Field Alignment: Optimal Transport and Data Assimilation

September 1, 2014

 

There is a close relationship between Optimal Transport and Field Alignment methods. For example, Haker et al. (IJCV 2004) use it for warping, and it was used earlier in EMD in Computer Vision. See also Rachev and Ruschendorf, 1998 (https://www.springer.com/la/book/9780387983523) for several others. 
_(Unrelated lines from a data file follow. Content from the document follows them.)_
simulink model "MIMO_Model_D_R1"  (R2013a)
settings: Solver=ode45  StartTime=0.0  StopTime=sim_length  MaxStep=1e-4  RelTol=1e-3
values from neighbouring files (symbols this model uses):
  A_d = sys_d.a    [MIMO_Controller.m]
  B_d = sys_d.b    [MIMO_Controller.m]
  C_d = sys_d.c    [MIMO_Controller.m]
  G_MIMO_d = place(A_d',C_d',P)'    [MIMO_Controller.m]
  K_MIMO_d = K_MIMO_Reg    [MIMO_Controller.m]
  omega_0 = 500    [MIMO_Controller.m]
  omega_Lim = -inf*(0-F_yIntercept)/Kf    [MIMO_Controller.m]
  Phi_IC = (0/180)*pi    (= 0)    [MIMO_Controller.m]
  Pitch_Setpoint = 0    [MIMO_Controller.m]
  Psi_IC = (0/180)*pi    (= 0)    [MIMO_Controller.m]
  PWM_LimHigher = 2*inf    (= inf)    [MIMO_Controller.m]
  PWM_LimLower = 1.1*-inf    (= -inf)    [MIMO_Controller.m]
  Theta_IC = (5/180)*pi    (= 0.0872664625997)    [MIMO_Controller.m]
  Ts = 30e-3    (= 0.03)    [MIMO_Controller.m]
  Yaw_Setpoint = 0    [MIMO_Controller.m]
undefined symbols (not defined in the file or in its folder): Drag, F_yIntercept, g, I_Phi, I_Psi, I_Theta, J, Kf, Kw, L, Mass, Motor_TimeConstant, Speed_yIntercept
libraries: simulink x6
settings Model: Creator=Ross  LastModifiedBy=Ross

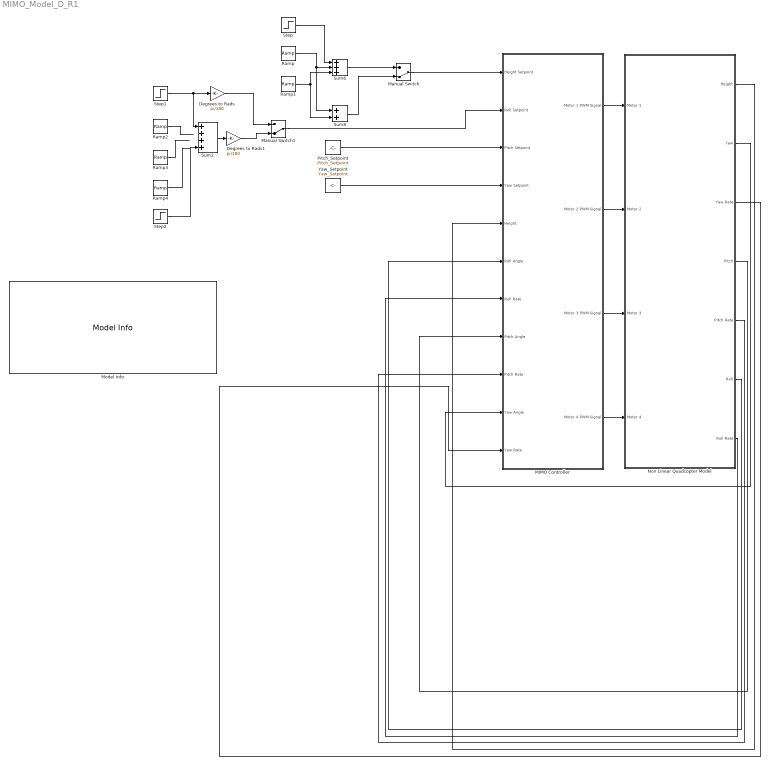
== system MIMO_Model_D_R1 ==
  Degrees to Rads : Gain  Gain=pi/180
  Degrees to Rads1 : Gain  Gain=pi/180
  MIMO Controller : Subsystem
  Manual Switch : ManualSwitch  CurrentSetting=0
  Manual Switch1 : ManualSwitch  CurrentSetting=0
  Model Info : simulink/Model-Wide Utilities/Model Info  InitialBlockCM=None  BlockCM=None  Frame=on  DisplayStringWithTags=|  HorizontalTextAlignment=Center  LeftAlignmentValue=0.5  SourceBlockDiagram=MIMO_Model_D_R1  TagMaxNumber=20
      | %<ModelName>
      | Simulink Diagram Used in Testing of Controllers designed for Quadcopters
      | Model version is %<ModelVersion>
      | 
      | %<Created>
      | %<ModifiedBy>
      | %<ModifiedDate>
      | %<ModifiedComment>
      | 
      | 
      | %<LastModifiedBy>
      | %<LastModificationDate>
      | %<Description>
  Non Linear Quadcopter Model : Subsystem
  "Pitch_Setpoint " : Constant  Value=Pitch_Setpoint
  Ramp : simulink/Sources/Ramp  slope=1  start=2  X0=0
  Ramp1 : simulink/Sources/Ramp  slope=-1  start=5  X0=0
  Ramp2 : simulink/Sources/Ramp  slope=10  start=2  X0=Ts
  Ramp3 : simulink/Sources/Ramp  slope=-20  start=4  X0=Ts
  Ramp4 : simulink/Sources/Ramp  slope=10  start=6  X0=Ts
  Step : Step  Time=10  SampleTime=0
  Step1 : Step  Time=2  After=20  SampleTime=Ts
  Step2 : Step  Time=4  After=-20  SampleTime=Ts
  Sum2 : Sum  Inputs=++++
  Sum6 : Sum  Inputs=+++  SampleTime=Ts
  Sum8 : Sum  SampleTime=Ts
  Yaw_Setpoint : Constant  Value=Yaw_Setpoint
  wires:
  Non Linear Quadcopter Model/1(Height) -> MIMO Controller/5(Height)
  Non Linear Quadcopter Model/5(Pitch Rate) -> MIMO Controller/9(Pitch Rate)
  Non Linear Quadcopter Model/7(Roll Rate) -> MIMO Controller/7(Roll Rate)
  Ramp/1 -> Sum8/1, Sum6/2
  Ramp1/1 -> Sum8/2, Sum6/3
  Step/1 -> Sum6/1
  Manual Switch/1 -> MIMO Controller/1(Height Setpoint)
  Sum8/1 -> Manual Switch/2
  Sum6/1 -> Manual Switch/1
  Non Linear Quadcopter Model/6(Roll) -> MIMO Controller/6(Roll Angle)
  Non Linear Quadcopter Model/4(Pitch) -> MIMO Controller/8(Pitch Angle)
  Ramp2/1 -> ?
  Ramp3/1 -> ?
  Step1/1 -> Sum2/1, Degrees to Rads/1
  Sum2/1 -> Degrees to Rads1/1
  Degrees to Rads/1 -> Manual Switch1/1
  "Pitch_Setpoint "/1 -> MIMO Controller/3(Pitch Setpoint)
  Manual Switch1/1 -> MIMO Controller/2(Roll Setpoint)
  Yaw_Setpoint/1 -> MIMO Controller/4(Yaw Setpoint)
  MIMO Controller/3(Motor 3 PWM Signal) -> Non Linear Quadcopter Model/3(Motor 3)
  MIMO Controller/2(Motor 2 PWM Signal) -> Non Linear Quadcopter Model/2(Motor 2)
  MIMO Controller/1(Motor 1 PWM Signal) -> Non Linear Quadcopter Model/1(Motor 1)
  Degrees to Rads1/1 -> Manual Switch1/2
  Step2/1 -> Sum2/4
  Ramp4/1 -> ?
  MIMO Controller/4(Motor 4 PWM Signal) -> Non Linear Quadcopter Model/4(Motor 4)
  Non Linear Quadcopter Model/2(Yaw) -> MIMO Controller/10(Yaw Angle)
  Non Linear Quadcopter Model/3(Yaw Rate) -> MIMO Controller/11(Yaw Rate)

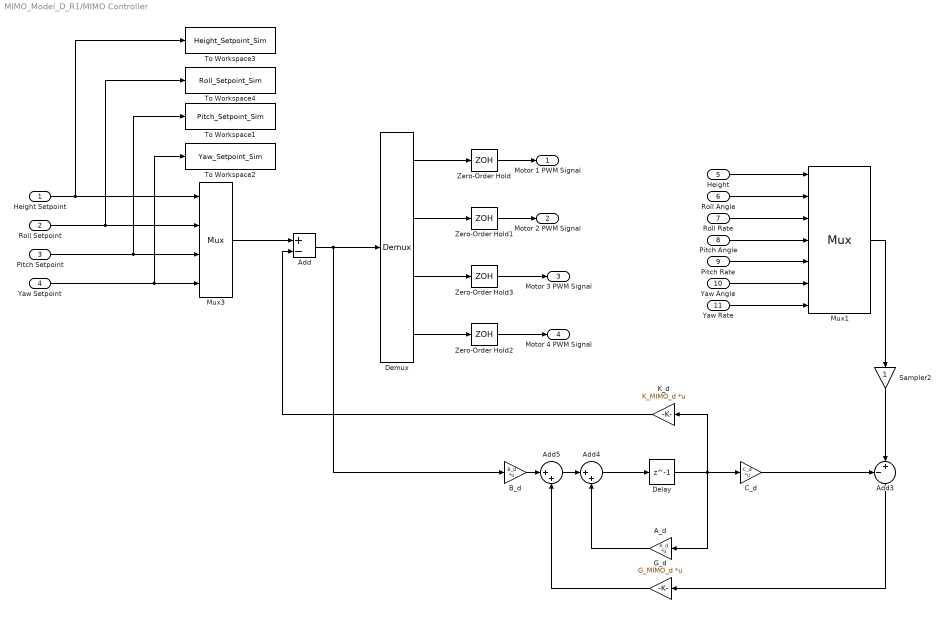
== system MIMO_Model_D_R1/MIMO Controller ==
  Height Setpoint : Inport
  Roll Setpoint : Inport  Port=2
  Pitch Setpoint : Inport  Port=3
  Yaw Setpoint : Inport  Port=4
  Height : Inport  Port=5
  Roll Angle : Inport  Port=6
  Roll Rate : Inport  Port=7
  Pitch Angle : Inport  Port=8
  Pitch Rate : Inport  Port=9
  Yaw Angle : Inport  Port=10
  Yaw Rate : Inport  Port=11
  A_d : Gain  Gain=A_d  Multiplication=Matrix(K*u)  SampleTime=Ts
  Add : Sum  Inputs=+-  SampleTime=Ts
  Add3 : Sum  Inputs=-+|
  Add4 : Sum  Inputs=|++
  Add5 : Sum  Inputs=|++
  "B_d " : Gain  Gain=B_d  Multiplication=Matrix(K*u)  SampleTime=Ts
  "C_d " : Gain  Gain=C_d  Multiplication=Matrix(K*u)  SampleTime=Ts
  Delay : Delay  DelayLength=1  InitialCondition=0  SampleTime=Ts
  Demux : Demux
  G_d : Gain  Gain=G_MIMO_d  Multiplication=Matrix(K*u)  SampleTime=Ts
  K_d : Gain  Gain=K_MIMO_d  Multiplication=Matrix(K*u)  SampleTime=Ts
  Mux1 : Mux  Inputs=7
      settings: DisplayOption=signals
  Mux3 : Mux
      settings: DisplayOption=signals
  Sampler2 : Gain  SampleTime=Ts
  To Workspace1 : ToWorkspace  VariableName=Pitch_Setpoint_Sim  SampleTime=-1  SaveFormat=Timeseries
  To Workspace2 : ToWorkspace  VariableName=Yaw_Setpoint_Sim  SampleTime=-1  SaveFormat=Timeseries
  To Workspace3 : ToWorkspace  VariableName=Height_Setpoint_Sim  SampleTime=-1  SaveFormat=Timeseries
  To Workspace4 : ToWorkspace  VariableName=Roll_Setpoint_Sim  SampleTime=-1  SaveFormat=Timeseries
  Zero-Order Hold{,1..3} (4 alike) : ZeroOrderHold  SampleTime=Ts
  Motor 1 PWM Signal : Outport
  Motor 2 PWM Signal : Outport  Port=2
  Motor 3 PWM Signal : Outport  Port=3
  Motor 4 PWM Signal : Outport  Port=4
  wires:
  Roll Angle/1 -> Mux1/2
  Height/1 -> Mux1/1
  Add5/1 -> Add4/1
  Mux1/1 -> Sampler2/1
  G_d/1 -> Add5/2
  A_d/1 -> Add4/2
  Add4/1 -> Delay/1
  "C_d "/1 -> Add3/1
  K_d/1 -> Add/2
  Sampler2/1 -> Add3/2
  "B_d "/1 -> Add5/1
  Delay/1 -> K_d/1, "C_d "/1, A_d/1
  Add3/1 -> G_d/1
  Add/1 -> "B_d "/1, Demux/1
  Roll Rate/1 -> Mux1/3
  Pitch Angle/1 -> Mux1/4
  Pitch Rate/1 -> Mux1/5
  Yaw Angle/1 -> Mux1/6
  Yaw Rate/1 -> Mux1/7
  Height Setpoint/1 -> To Workspace3/1, Mux3/1
  Roll Setpoint/1 -> To Workspace4/1, Mux3/2
  Pitch Setpoint/1 -> To Workspace1/1, Mux3/3
  Yaw Setpoint/1 -> To Workspace2/1, Mux3/4
  Mux3/1 -> Add/1
  Demux/1 -> Zero-Order Hold/1
  Demux/2 -> Zero-Order Hold1/1
  Demux/3 -> Zero-Order Hold3/1
  Demux/4 -> Zero-Order Hold2/1
  Zero-Order Hold/1 -> Motor 1 PWM Signal/1
  Zero-Order Hold1/1 -> Motor 2 PWM Signal/1
  Zero-Order Hold3/1 -> Motor 3 PWM Signal/1
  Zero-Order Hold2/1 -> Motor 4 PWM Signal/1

Field Alignment methods embed a form of Optimal Transport. While the Kantorovich–Wasserstein metric  provides a formulation for Field Alignment, it is closely related also to Benamou and Bernier's work. While the original form is related to diffeomorphic approaches but subsequent ones (e.g., scale cascaded alignment) differ. When Optimal Transport is defined as being divergence-free deformation between the source and destination mass distributions, then correspondence with nondivergent solutions of Field Alignment emerge.  However, our approach considers Field Alignment in the context of a Bayesian coupling between Optimal Transport and Optimal Estimation. This is substantially more general in the sense that the difficulty in identifying appropriate densities while maintaining their mass conservation in the presence of noisy mesurements, and regularizing the correspondence map between the domains when one domain is very sparsely observed remain as issues  As Haker et al. note, it's correspondence free, symmetric and can work across changes in "density" (intensity) -- however, there are many implementation issues for this to work to still be considered.

Despite the recent interest in Optimal Transport in Data Assimilation, we posit that extant methods (e.g. Ravela et al. 2007) have previously considered flows (transport) of fields in a variational setting for data assimilation.  Furthermore, we think that the Bayes-Coupled Optimal Transport and Estimation (B-COTE) offers a solution the conundrum of whether amplitude adjustment or geometric adjustment is to be preffered and how. 

Thus, while deformation approaches developed thus far including: FABle (Field Alignment Blending), AROMA (Adaptive Reduced Order Modeling By Alignment), Field Coalescence, Coherent Random Fields and the two variants of Field Alignment can be cast within Wasserstein, it is important to note that the variational formalism (including ensemble solutions) provide a key generalization.